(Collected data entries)
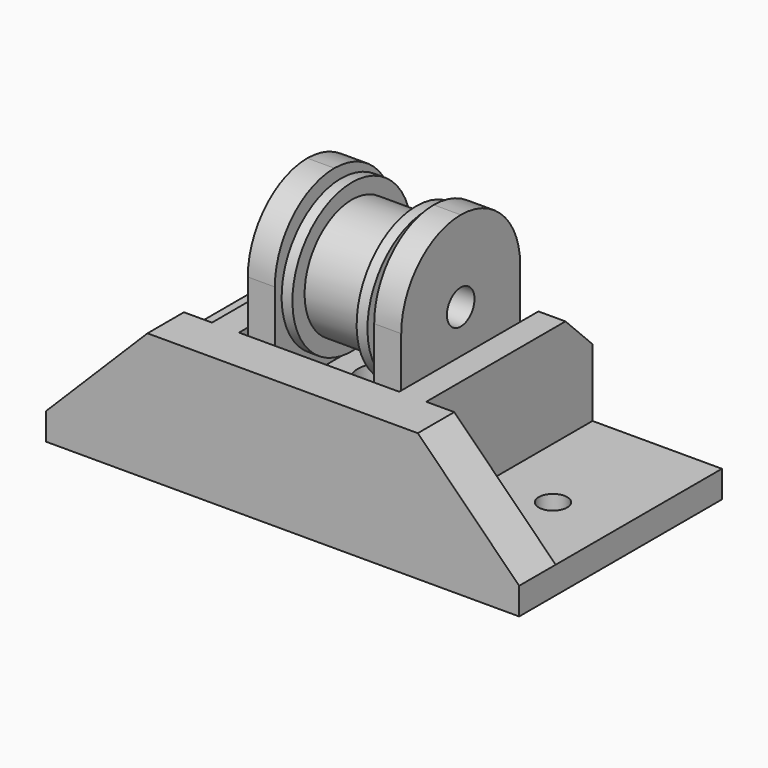
from build123d import *

# Parameters (mm, degrees)
F3_R      = 7.987
F4_DEPTH  = 4.8
F5_R      = 7.987
F6_DEPTH  = 4.8
F2_R      = 2.5
F7_DEPTH  = 12.701
F10_DEPTH = 22
F11_R     = 2.55
F12_DEPTH = 22.701
F13_R     = 10.99999
F14_R     = 2.15
F15_DEPTH = 8
F16_R     = 3.875
F17_DEPTH = 4.5
F18_W     = 70
F18_H     = 37.5
F19_DEPTH = 4
F20_W     = 4
F20_H     = 37.5
F21_DEPTH = 15
F22_W     = 70
F22_H     = 6.75
F23_DEPTH = 15
F24_SIZE  = 15
F25_SIZE  = 5
F26_R     = 2.15
F27_DEPTH = 4
F28_R     = 2.1
F29_DEPTH = 4


# Not quite as in the source:
# - a fillet or chamfer is up to 0.001 mm smaller than in the source, because OpenCascade refuses the exact size


with BuildPart() as f1:
    # F0 (on Front) → F1 (revolve)
    with BuildSketch(Plane.XZ):
        Polygon((-6.35, 11), (-6.35, 0), (6.35, 0), (6.35, 11), (4.75, 11), (4.75, 8.75), (0, 8.75), (-4.75, 8.75), (-4.75, 11), align=None)
    revolve(axis=Axis((1.279097545, 0, 0), (1, 0, 0)))

    # F3 (on face) → F4 (cut)
    with BuildSketch(Plane(origin=(-6.35, 0, 0), x_dir=(0, -1, 0), z_dir=(-1, 0, 0))):
        Circle(F3_R)
    extrude(amount=-F4_DEPTH, mode=Mode.SUBTRACT)

    # F5 (on face) → F6 (cut)
    with BuildSketch(Plane.YZ.offset(6.35)):
        Circle(F5_R)
    extrude(amount=-F6_DEPTH, mode=Mode.SUBTRACT)

    # F2 (on face) → F7 (cut, through all)
    with BuildSketch(Plane(origin=(-6.35, 0, 0), x_dir=(0, -1, 0), z_dir=(-1, 0, 0))):
        Circle(F2_R)
    extrude(amount=-F7_DEPTH, mode=Mode.SUBTRACT)


with BuildPart() as f10:
    # F9 (on offset) → F10 (new body)
    with BuildSketch(Plane.XZ.offset(11)):
        Polygon((7.35, 12), (7.35, 0), (7.35, -13), (0, -13), (-7.35, -13), (-7.35, 0), (-7.35, 12), (-11.35, 12), (-11.35, -21), (0, -21), (11.35, -21), (11.35, 12), align=None)
    extrude(amount=-F10_DEPTH)

    # F11 (on face) → F12 (cut, through all)
    with BuildSketch(Plane.YZ.offset(11.35)):
        Circle(F11_R)
    extrude(amount=-F12_DEPTH, mode=Mode.SUBTRACT)

    # F13 (radius 11 in the source; OpenCascade refuses exactly that, so slightly less here)
    f13_edges = [f10.edges().sort_by_distance(p)[0] for p in [
        (-9.35, 11, 12),
        (9.35, 11, 12),
        (-9.35, -11, 12),
        (9.35, -11, 12),
    ]]
    fillet(f13_edges, radius=F13_R)

    # F14 (on face) → F15 (cut, through all)
    with BuildSketch(Plane(origin=(0, 0, -21), x_dir=(1, 0, 0), z_dir=(0, 0, -1))):
        Circle(F14_R)
    extrude(amount=-F15_DEPTH, mode=Mode.SUBTRACT)

    # F16 (on face) → F17 (cut)
    with BuildSketch(Plane.XY.offset(-13)):
        Circle(F16_R)
    extrude(amount=-F17_DEPTH, mode=Mode.SUBTRACT)


with BuildPart() as f19:
    # F18 (on face) → F19 (new body)
    with BuildSketch(Plane(origin=(0, 0, -21), x_dir=(1, 0, 0), z_dir=(0, 0, -1))):
        Rectangle(F18_W, F18_H)
    extrude(amount=F19_DEPTH)

    # F20 (on face) → F21 (join)
    with BuildSketch(Plane.XY.offset(-21)):
        with Locations((-13.85, 0)):
            Rectangle(F20_W, F20_H)
        with Locations((13.85, 0)):
            Rectangle(F20_W, F20_H)
    extrude(amount=F21_DEPTH)

    # F22 (on face) → F23 (join, through all)
    with BuildSketch(Plane.XY.offset(-21)):
        with Locations((0, -15.375)):
            Rectangle(F22_W, F22_H)
    extrude(amount=F23_DEPTH)

    # F24
    f24_edges = [f19.edges().sort_by_distance(p)[0] for p in [
        (35, -15.375, -6),
        (-35, -15.375, -6),
    ]]
    chamfer(f24_edges, length=F24_SIZE)

    # F25
    f25_edges = [f19.edges().sort_by_distance(p)[0] for p in [
        (-13.85, 18.75, -6),
        (13.85, 18.75, -6),
    ]]
    chamfer(f25_edges, length=F25_SIZE)

    # F26 (on face) → F27 (cut, through all)
    with BuildSketch(Plane(origin=(0, 0, -25), x_dir=(1, 0, 0), z_dir=(0, 0, -1))):
        Circle(F26_R)
    extrude(amount=-F27_DEPTH, mode=Mode.SUBTRACT)

    # F28 (on face) → F29 (cut, through all)
    with BuildSketch(Plane(origin=(0, 0, -25), x_dir=(1, 0, 0), z_dir=(0, 0, -1))):
        with Locations((-25, 0)):
            Circle(F28_R)
        with Locations((25, 0)):
            Circle(F28_R)
    extrude(amount=-F29_DEPTH, mode=Mode.SUBTRACT)


solid = Compound([f1.part, f10.part, f19.part])

§ **Exercise details**
Scan the entries above for the word "radius". Report the lines that hold it.

§ **Response to the exercise**
    # F13 (radius 11 in the source; OpenCascade refuses exactly that, so slightly less here)
    fillet(f13_edges, radius=F13_R)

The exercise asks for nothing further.